The Provider Abstraction Layer

class FalProviderAdapter:
    """Unified interface for all Fal-hosted models"""
    
    def submit(self, prompt: str, model_id: str, **kwargs):
        """Submit to any model through Fal's gateway"""
        # This abstraction saved us during the ComfyUI migration
        handler = fal.queue.submit(
            model_id,
            input={"prompt": prompt, **kwargs}
        )
        return handler.request_id
    
    def create_workflow(self, steps: List[dict]):
        """Chain multiple Fal endpoints into a workflow"""
        results = []
        previous_output = None
        
        for step in steps:
            if step['type'] == 'image':
                previous_output = fal.run("gpt-image", 
                                         prompt=step['prompt'])
            elif step['type'] == 'video':
                previous_output = fal.run("seedance",
                                         image=previous_output,
                                         motion=step['motion'])
            elif step['type'] == 'audio':
                previous_output = fal.run("mmaudio",
                                         video=previous_output,
                                         style=step['style'])
            results.append(previous_output)
        
        return results[-1]  # Return final output

This architecture--all written by AI--enabled us to seamlessly switch providers, chain models, and scale to thousands of concurrent generations.

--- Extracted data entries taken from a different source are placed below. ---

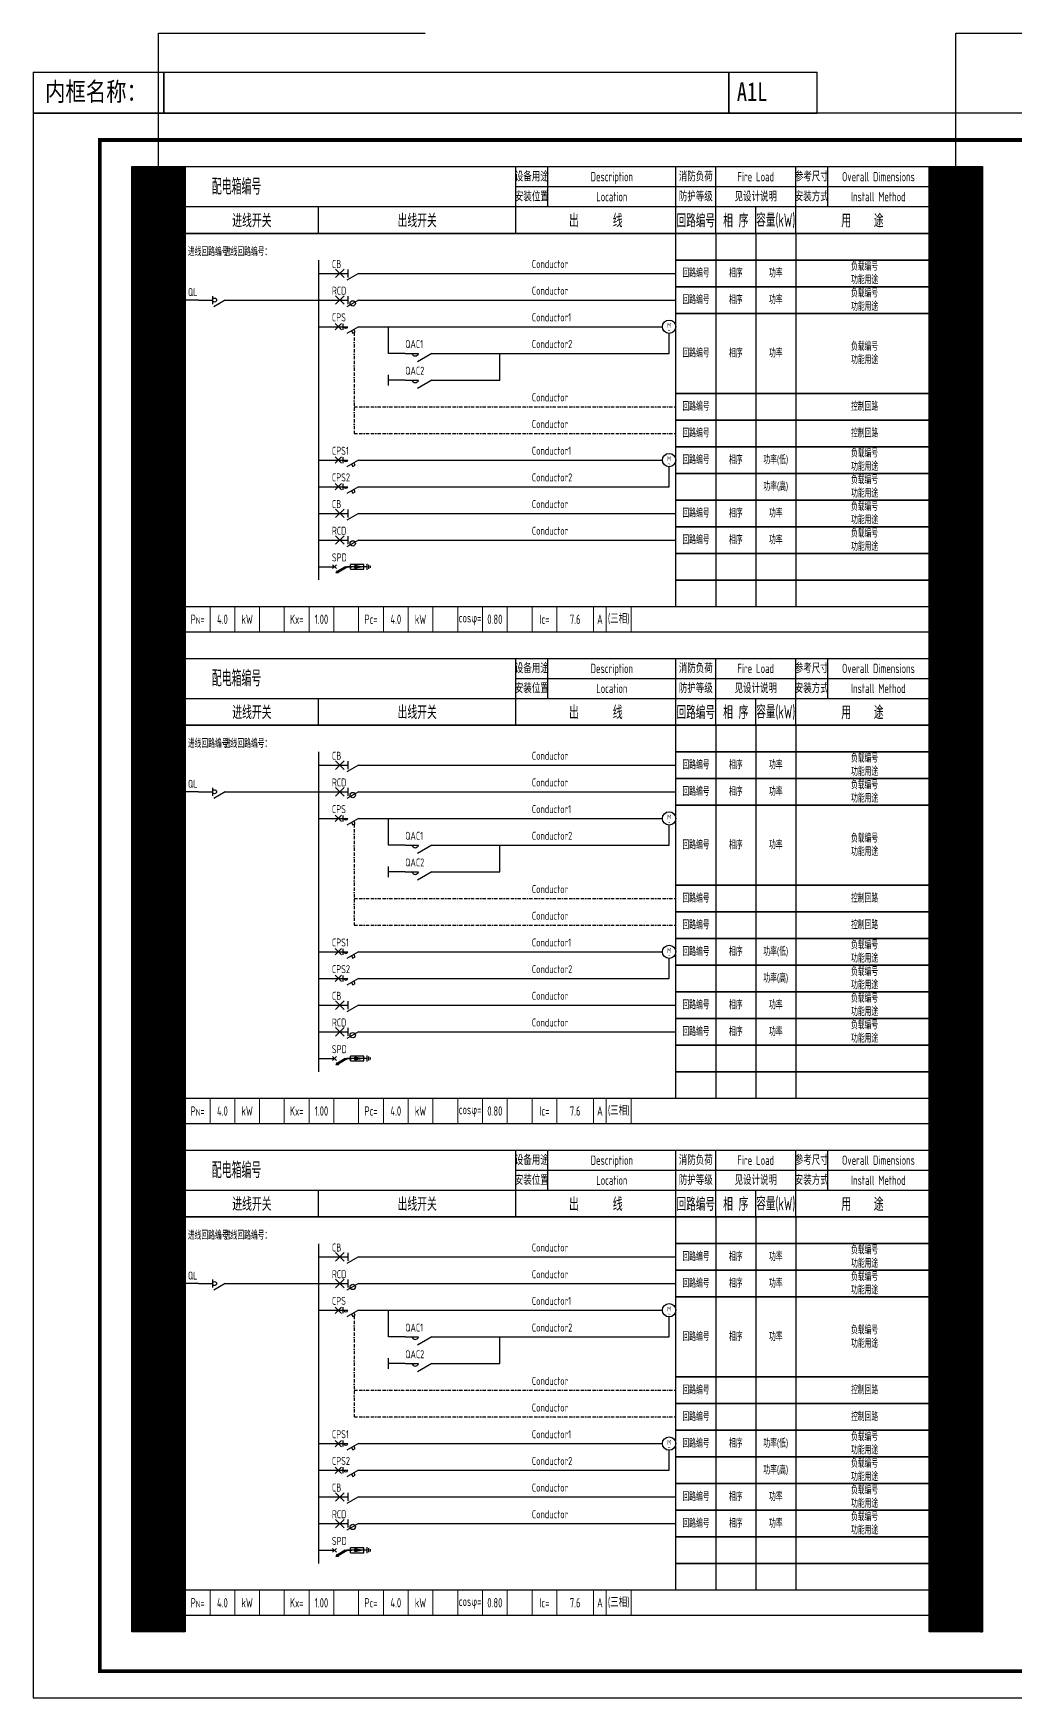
# Model space of a CAD drawing. Header units: millimetres. Extents: x -33464 to 217351, y -4000 to 120872.
# Drawn here: x 0 to 36850, y 0 to 62400 of the extents above; entities that cross this region are included whole.
import ezdxf
from ezdxf.enums import TextEntityAlignment as Align

# ---------------------------------------------------------------- set-up
doc = ezdxf.new("R2010")
doc.units = ezdxf.units.MM
doc.header["$LTSCALE"] = 500
doc.header["$MEASUREMENT"] = 0
doc.linetypes.add('BORDER2', pattern=[0.875, 0.25, -0.125, 0.25, -0.125, 0, -0.125])
doc.linetypes.add('CONTINOUS', pattern=[2000000.0, 1000000.0, 1000000.0])
for name, color, linetype in [('E-CTRL-WIRE', 3, 'BORDER2'), ('E-POWR-DEVC', 3, 'Continuous'), ('E-UNIV-AB', 1, 'Continuous'), ('E-UNIV-DIAG', 2, 'Continuous'), ('E-UNIV-EL', 140, 'Continuous'), ('E-UNIV-NOTE', 6, 'Continuous'), ('E-UNIV-Oppo', 3, 'Continuous'), ('E-UNIV-WIRE', 4, 'Continuous')]:
    doc.layers.add(name, color=color, linetype=linetype)
doc.layers.add('内框', color=8, linetype='Continuous', plot=False)
doc.layers.add('注释', color=7, linetype='Continuous', plot=False)
doc.styles.add('TH-STYLE3', font='tssdeng.shx', dxfattribs={"width": 0.7, "bigfont": 'tssdchn.shx'})
doc.styles.add('黑体', font='')
doc.styles.get('黑体').set_extended_font_data('SimHei')

# ---------------------------------------------------------------- blocks, each defined once
blk = doc.blocks.new('THAPE_A1L_inner')
at = {"layer": '内框'}
for p, q in [((0, 609.4), (0, 594)), ((0, 609.4), (294, 609.4)), ((49, 594), (49, 609.4)), ((49, 609.4), (49, 594)), ((260.87, 594), (260.84, 609.4)), ((260.84, 609.4), (260.87, 594)), ((294, 594), (294, 609.4)), ((0, 594), (49, 594)), ((28, 594), (0, 594)), ((84, 594), (28, 594)), ((49, 594), (260.87, 594)), ((196, 594), (84, 594)), ((294, 594), (196, 594)), ((260.87, 594), (294, 594))]:
    blk.add_line(p, q, dxfattribs=at)
blk.add_lwpolyline([(0, 0), (841, 0), (841, 594), (0, 594)], close=True, dxfattribs=at)
at = {"layer": '内框', "const_width": 1.4}
blk.add_lwpolyline([(25, 584), (25, 10), (831, 10), (831, 584)], close=True, dxfattribs=at)
at = {"layer": '内框', "style": '黑体', "width": 0.8}
for s, p in [('内框名称：', (4.43, 598.65)), ('A1L', (263.9, 598.64))]:
    blk.add_text(s, height=7, dxfattribs=at).set_placement(p)
blk.add_attdef('内框名称', (51.53, 598.63), '', height=7, dxfattribs=at)
blk = doc.blocks.new('E-BQL102-1')
at = {"layer": 'E-UNIV-Oppo'}
for p, q in [((0, 0), (5.25, 0)), ((5.25, 1.5), (5.25, -1.5)), ((10, 0), (12.5, 0))]:
    blk.add_line(p, q, dxfattribs=at)
blk.add_lwpolyline([(10, 0), (5.67, -2.5)], dxfattribs=at)
blk.add_circle((6, 0), 0.75, dxfattribs=at)
blk = doc.blocks.new('E-BCB101')
at = {"layer": 'E-UNIV-Oppo'}
for p, q in [((0, 0), (6, 0)), ((1.41, 1.59), (4.59, -1.59)), ((4.59, 1.59), (1.41, -1.59)), ((6, 1.5), (6, -1.5)), ((10, 0), (12.5, 0))]:
    blk.add_line(p, q, dxfattribs=at)
blk.add_lwpolyline([(10, 0), (5.67, -2.5)], dxfattribs=at)
blk = doc.blocks.new('E-BCB102')
at = {"layer": 'E-UNIV-Oppo'}
for p, q in [((0, 0), (6, 0)), ((1.41, 1.59), (4.59, -1.59)), ((4.59, 1.59), (1.41, -1.59)), ((6, 1.5), (6, -1.5)), ((10, 0), (12.5, 0))]:
    blk.add_line(p, q, dxfattribs=at)
blk.add_lwpolyline([(10, 0), (5.67, -2.5)], dxfattribs=at)
blk.add_circle((7.83, -1.25), 1, dxfattribs=at)
blk = doc.blocks.new('E-BCB103')
at = {"layer": 'E-UNIV-Oppo'}
h = blk.add_hatch(dxfattribs=at)
h.set_pattern_fill('ANSI31', color=256, scale=100)
h.set_pattern_definition([(45, (-215, -405), (-8.83883, 8.83883), [])])
h.paths.add_polyline_path([(8.27, -1), (7.4, -1.5), (7.9, -2.37), (8.77, -1.87)])
for p, q in [((0, 0), (6, 0)), ((1.24, 1.19), (3.63, -1.19)), ((3.63, 1.19), (1.24, -1.19)), ((4.12, 1.12), (4.12, -1.12)), ((10, 0), (12.5, 0))]:
    blk.add_line(p, q, dxfattribs=at)
for points in [[(10, 0), (5.67, -2.5)], [(7.4, -1.5), (7.9, -2.37), (8.77, -1.87), (8.27, -1)]]:
    blk.add_lwpolyline(points, dxfattribs=at)
blk.add_arc((5.25, 0.2), 0.776, 195, 345, dxfattribs=at)
blk = doc.blocks.new('Motor')
blk.add_circle((0, 0), 10)
at = {"layer": 'E-UNIV-EL', "style": 'TH-STYLE3', "width": 0.7}
for s, p in [('M', (0, 2)), ('~', (0, -6))]:
    blk.add_text(s, height=7.2, dxfattribs=at).set_placement(p, align=Align.MIDDLE)
blk = doc.blocks.new('E-BKM101')
at = {"layer": 'E-UNIV-Oppo'}
for points in [[(0, 0), (5, 0)], [(10, 0), (4.59, -3.12)], [(10, 0), (12.5, 0)]]:
    blk.add_lwpolyline(points, dxfattribs=at)
blk.add_arc((3.75, 0.33), 1.29, 195, 345, dxfattribs=at)
blk = doc.blocks.new('E-BSP101')
at = {"layer": 'E-POWR-DEVC', "linetype": 'CONTINOUS'}
blk.add_hatch(color=256, dxfattribs=at).paths.add_polyline_path([(13.66, 0.49), (13.66, -0.49), (15.93, 0)])
blk.add_hatch(color=256, dxfattribs=at).paths.add_polyline_path([(13.66, 0.49), (13.66, -0.49), (15.93, 0)])
at = {"layer": 'E-UNIV-Oppo'}
h = blk.add_hatch(dxfattribs=at)
h.set_pattern_fill('ANSI31', color=256, scale=100)
h.set_pattern_definition([(45, (0, 0), (-112.25, 112.25), [])])
h.paths.add_polyline_path([(7.45, -2.34), (6.45, -2.34), (6.95, -1.47)])
at = {"layer": 'E-POWR-DEVC', "linetype": 'CONTINOUS'}
for p, q in [((18.25, 0), (10.65, 0)), ((17, 0.9), (11.99, 0.9)), ((17, 0.9), (11.99, 0.9)), ((15.93, 0), (13.66, 0.49)), ((13.66, -0.49), (13.66, 0.49)), ((15.93, 0), (13.66, 0.49)), ((13.66, -0.49), (13.66, 0.49)), ((17, -0.9), (17, 0.9)), ((17, -0.9), (17, 0.9)), ((17, -0.9), (17, 0.9)), ((17, -0.9), (17, 0.9)), ((18.25, -1.13), (18.25, 1.13)), ((18.87, -0.76), (18.87, 0.76)), ((19.5, -0.4), (19.5, 0.4)), ((11.99, -0.9), (17, -0.9)), ((11.99, -0.9), (17, -0.9)), ((13.66, -0.49), (15.93, 0)), ((13.66, -0.49), (15.93, 0))]:
    blk.add_line(p, q, dxfattribs=at)
at = {"layer": 'E-POWR-DEVC', "linetype": 'Continuous'}
blk.add_line((11.99, -0.9), (11.99, 0.9), dxfattribs=at)
blk.add_line((11.99, -0.9), (11.99, 0.9), dxfattribs=at)
at = {"layer": 'E-UNIV-Oppo'}
for p, q in [((0, 0), (6, 0)), ((5.29, -0.71), (6.71, 0.71)), ((5.29, 0.71), (6.71, -0.71)), ((10, 0), (7.07, -1.69)), ((11, 0), (7.32, -2.12)), ((10, 0), (12.5, 0)), ((6.95, -1.47), (6.45, -2.34)), ((7.45, -2.34), (6.45, -2.34)), ((6.95, -1.47), (7.45, -2.34))]:
    blk.add_line(p, q, dxfattribs=at)
blk = doc.blocks.new('*T37')
at = {"layer": 'Defpoints', "color": 8, "linetype": 'ByBlock', "lineweight": 0, "transparency": 16777216}
for p, q in [((0, 0), (16723, 0)), ((0, 0), (0, -936)), ((929, 0), (929, -936)), ((1858, 0), (1858, -936)), ((2787, 0), (2787, -936)), ((3716, 0), (3716, -936)), ((4645, 0), (4645, -936)), ((5574, 0), (5574, -936)), ((6504, 0), (6504, -936)), ((7433, 0), (7433, -936)), ((8362, 0), (8362, -936)), ((9291, 0), (9291, -936)), ((10220, 0), (10220, -936)), ((11149, 0), (11149, -936)), ((12078, 0), (12078, -936)), ((13007, 0), (13007, -936)), ((13936, 0), (13936, -936)), ((15314, 0), (15314, -936)), ((15794, 0), (15794, -936)), ((16723, 0), (16723, -936)), ((0, -936), (16723, -936))]:
    blk.add_line(p, q, dxfattribs=at)
at = {"layer": 'E-UNIV-DIAG', "transparency": 16777216, "char_height": 350, "attachment_point": 5, "style": 'TH-STYLE3'}
for s, insert, width in [('P{\\H0.71429x;N}=', (465, -468), 926.07), ('kW', (2323, -468), 926.07), ('Kx=', (4181, -468), 926.07), ('Pc=', (6968, -468), 926.07), ('kW', (8826, -468), 926.07), ('cosφ=', (10684, -468), 926.07), ('Ic=', (13472, -468), 926.07), ('A ', (15554, -468), 477.44), ('(三相)', (16259, -468), 926.07)]:
    blk.add_mtext(s, dxfattribs=dict(at, insert=insert, width=width))
at = {"layer": 'E-UNIV-DIAG', "color": 6, "transparency": 16777216, "char_height": 350, "attachment_point": 5, "style": 'TH-STYLE3'}
for s, insert, width in [('4.0', (1394, -468), 926.07), ('1.00', (5110, -468), 926.07), ('4.0', (7897, -468), 926.07), ('0.80', (11613, -468), 926.07), ('7.6', (14625, -468), 1374.7)]:
    blk.add_mtext(s, dxfattribs=dict(at, insert=insert, width=width))
blk = doc.blocks.new('*T85')
at = {"layer": 'Defpoints', "color": 8, "linetype": 'ByBlock', "lineweight": 0, "transparency": 16777216}
for p, q in [((0, 0), (16723, 0)), ((0, 0), (0, -936)), ((929, 0), (929, -936)), ((1858, 0), (1858, -936)), ((2787, 0), (2787, -936)), ((3716, 0), (3716, -936)), ((4645, 0), (4645, -936)), ((5574, 0), (5574, -936)), ((6504, 0), (6504, -936)), ((7433, 0), (7433, -936)), ((8362, 0), (8362, -936)), ((9291, 0), (9291, -936)), ((10220, 0), (10220, -936)), ((11149, 0), (11149, -936)), ((12078, 0), (12078, -936)), ((13007, 0), (13007, -936)), ((13936, 0), (13936, -936)), ((15314, 0), (15314, -936)), ((15794, 0), (15794, -936)), ((16723, 0), (16723, -936)), ((0, -936), (16723, -936))]:
    blk.add_line(p, q, dxfattribs=at)
at = {"layer": 'E-UNIV-DIAG', "transparency": 16777216, "char_height": 350, "attachment_point": 5, "style": 'TH-STYLE3'}
for s, insert, width in [('P{\\H0.71429x;N}=', (465, -468), 926.07), ('kW', (2323, -468), 926.07), ('Kx=', (4181, -468), 926.07), ('Pc=', (6968, -468), 926.07), ('kW', (8826, -468), 926.07), ('cosφ=', (10684, -468), 926.07), ('Ic=', (13472, -468), 926.07), ('A ', (15554, -468), 477.44), ('(三相)', (16259, -468), 926.07)]:
    blk.add_mtext(s, dxfattribs=dict(at, insert=insert, width=width))
at = {"layer": 'E-UNIV-DIAG', "color": 6, "transparency": 16777216, "char_height": 350, "attachment_point": 5, "style": 'TH-STYLE3'}
for s, insert, width in [('4.0', (1394, -468), 926.07), ('1.00', (5110, -468), 926.07), ('4.0', (7897, -468), 926.07), ('0.80', (11613, -468), 926.07), ('7.6', (14625, -468), 1374.7)]:
    blk.add_mtext(s, dxfattribs=dict(at, insert=insert, width=width))
blk = doc.blocks.new('*T86')
at = {"layer": 'Defpoints', "color": 8, "linetype": 'ByBlock', "lineweight": 0, "transparency": 16777216}
for p, q in [((0, 0), (16723, 0)), ((0, 0), (0, -936)), ((929, 0), (929, -936)), ((1858, 0), (1858, -936)), ((2787, 0), (2787, -936)), ((3716, 0), (3716, -936)), ((4645, 0), (4645, -936)), ((5574, 0), (5574, -936)), ((6504, 0), (6504, -936)), ((7433, 0), (7433, -936)), ((8362, 0), (8362, -936)), ((9291, 0), (9291, -936)), ((10220, 0), (10220, -936)), ((11149, 0), (11149, -936)), ((12078, 0), (12078, -936)), ((13007, 0), (13007, -936)), ((13936, 0), (13936, -936)), ((15314, 0), (15314, -936)), ((15794, 0), (15794, -936)), ((16723, 0), (16723, -936)), ((0, -936), (16723, -936))]:
    blk.add_line(p, q, dxfattribs=at)
at = {"layer": 'E-UNIV-DIAG', "transparency": 16777216, "char_height": 350, "attachment_point": 5, "style": 'TH-STYLE3'}
for s, insert, width in [('P{\\H0.71429x;N}=', (465, -468), 926.07), ('kW', (2323, -468), 926.07), ('Kx=', (4181, -468), 926.07), ('Pc=', (6968, -468), 926.07), ('kW', (8826, -468), 926.07), ('cosφ=', (10684, -468), 926.07), ('Ic=', (13472, -468), 926.07), ('A ', (15554, -468), 477.44), ('(三相)', (16259, -468), 926.07)]:
    blk.add_mtext(s, dxfattribs=dict(at, insert=insert, width=width))
at = {"layer": 'E-UNIV-DIAG', "color": 6, "transparency": 16777216, "char_height": 350, "attachment_point": 5, "style": 'TH-STYLE3'}
for s, insert, width in [('4.0', (1394, -468), 926.07), ('1.00', (5110, -468), 926.07), ('4.0', (7897, -468), 926.07), ('0.80', (11613, -468), 926.07), ('7.6', (14625, -468), 1374.7)]:
    blk.add_mtext(s, dxfattribs=dict(at, insert=insert, width=width))

msp = doc.modelspace()

# ---------------------------------------------------------------- hatches: boundary and pattern name
at = {"layer": 'E-UNIV-AB', "transparency": 33554559}
h = msp.add_hatch(dxfattribs=at)
h.set_pattern_fill('ANSI31', color=9, scale=100)
h.set_pattern_definition([(45, (-29900, 0), (-8.8388348, 8.8388348), [])])
h.paths.add_polyline_path([(5700, 57400), (3700, 57400), (3700, 2464), (5700, 2464)])
h = msp.add_hatch(dxfattribs=at)
h.set_pattern_fill('ANSI31', color=9, scale=100)
h.paths.add_polyline_path([(35600, 57400), (33600, 57400), (33600, 2464), (35600, 2464)])

# ---------------------------------------------------------------- linework, layer by layer
at = {"layer": 'E-CTRL-WIRE'}
for p, q in [((12033, 51188), (12033, 47400)), ((12033, 48400), (24100, 48400)), ((12033, 47400), (24100, 47400)), ((12033, 32752), (12033, 28964)), ((12033, 29964), (24100, 29964)), ((12033, 28964), (24100, 28964)), ((12033, 14316), (12033, 10527)), ((12033, 11527), (24100, 11527)), ((12033, 10527), (24100, 10527))]:
    msp.add_line(p, q, dxfattribs=at)
at = {"layer": 'E-UNIV-AB'}
for points in [[(4700, 57400), (4700, 62400), (14700, 62400)], [(34600, 57400), (34600, 62400), (44600, 62400)]]:
    msp.add_lwpolyline(points, dxfattribs=at)
at = {"layer": 'E-UNIV-AB', "color": 9}
for points in [[(3700, 57400), (5700, 57400), (5700, 2464), (3700, 2464)], [(33600, 57400), (35600, 57400), (35600, 2464), (33600, 2464)]]:
    msp.add_lwpolyline(points, close=True, dxfattribs=at)
at = {"layer": 'E-UNIV-DIAG'}
for p, q in [((5700, 54900), (5700, 57400)), ((5700, 57400), (33600, 57400)), ((18100, 55900), (18100, 57400)), ((19300, 55900), (19300, 57400)), ((24100, 55900), (24100, 57400)), ((25600, 55900), (25600, 57400)), ((28600, 55900), (28600, 57400)), ((29800, 55900), (29800, 57400)), ((33600, 57400), (33600, 54900)), ((18100, 56650), (33600, 56650)), ((5700, 55900), (33600, 55900)), ((10700, 54900), (10700, 55900)), ((18100, 54900), (18100, 55900)), ((24100, 54900), (24100, 55900)), ((25600, 54900), (25600, 55900)), ((27100, 54900), (27100, 55900)), ((28600, 54900), (28600, 55900)), ((33600, 54900), (5700, 54900)), ((5700, 36464), (5700, 38964)), ((5700, 38964), (33600, 38964)), ((18100, 37464), (18100, 38964)), ((19300, 37464), (19300, 38964)), ((24100, 37464), (24100, 38964)), ((25600, 37464), (25600, 38964)), ((28600, 37464), (28600, 38964)), ((29800, 37464), (29800, 38964)), ((33600, 38964), (33600, 36464)), ((18100, 38214), (33600, 38214)), ((5700, 37464), (33600, 37464)), ((10700, 36464), (10700, 37464)), ((18100, 36464), (18100, 37464)), ((24100, 36464), (24100, 37464)), ((25600, 36464), (25600, 37464)), ((27100, 36464), (27100, 37464)), ((28600, 36464), (28600, 37464)), ((33600, 36464), (5700, 36464)), ((5700, 18027), (5700, 20527)), ((5700, 20527), (33600, 20527)), ((18100, 19027), (18100, 20527)), ((19300, 19027), (19300, 20527)), ((24100, 19027), (24100, 20527)), ((25600, 19027), (25600, 20527)), ((28600, 19027), (28600, 20527)), ((29800, 19027), (29800, 20527)), ((33600, 20527), (33600, 18027)), ((18100, 19777), (33600, 19777)), ((5700, 19027), (33600, 19027)), ((10700, 18027), (10700, 19027)), ((18100, 18027), (18100, 19027)), ((24100, 18027), (24100, 19027)), ((25600, 18027), (25600, 19027)), ((27100, 18027), (27100, 19027)), ((28600, 18027), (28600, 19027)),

Technical Takeaways from AI-Assisted Development

Let AI handle the boilerplate - LLMs excel at CRUD operations, API endpoints, and standard patterns. Your job is the architecture.
Boring technology still wins - Django, PostgreSQL, Redis. Even AI knows to reach for proven tools on critical paths.
Abstractions are more important when AI codes - Good interfaces let you swap implementations without explaining the entire codebase to the AI again.
AI makes prototyping insanely fast - I went from "what if we had multiple video providers?" to working implementation in 2 hours.
Documentation is your conversation with future AI - Every comment helps the next AI session understand what past AI sessions built.
CLI tools are game-changers - The jump from copy-paste to direct codebase modification (Codex, Claude Code) is like going from dial-up to broadband.
Product vision beats technical prowess - When AI can implement anything, the question becomes what's worth implementing.
Users still don't care about your architecture - They care that videos load fast and look cool. Even if AI wrote it all.

The Stack Today

Status: Post-Sora 2 reflection mode
Videos Generated: ~9,000
Bots Deployed: Too many to count
Code I Wrote: 0 lines
Code LLMs Wrote: All of it (~100,000 lines)
Lessons Learned: Priceless

SlopTok taught me that the future of development isn't about writing code--it's about designing experiences. It taught me that embracing the meme (literally, "AI slop") can lead to something genuinely interesting. Most importantly, it taught me that when AI can build anything, the question becomes: what's worth building?

The platform proved its point: AI can build AI, bots can create culture, and sometimes the best response to technological change is to lean into the absurd. Somewhere in those 9,000 videos is proof that the interesting frontier isn't perfection--it's personality.

Is it art? Is it slop? Does it matter?

The 9,000 videos I generated say: probably not. But it was fun finding out.

Epilogue: On Timing

They say timing is everything in startups. I built a generative video platform right before the biggest generative video breakthrough in history. Some would call that terrible timing.

I call it perfect timing.

I got to explore the weird frontier before it became mainstream. I got to build something absurd before everyone started taking it seriously. Most importantly, I got to learn what it means to build products in the age of AI--both as the builder and the built.

The future won't be about who can code. It'll be about who can imagine. And if there's one thing SlopTok proved, it's that imagination doesn't have to be serious to be valuable.

Sometimes, embracing the slop is enough.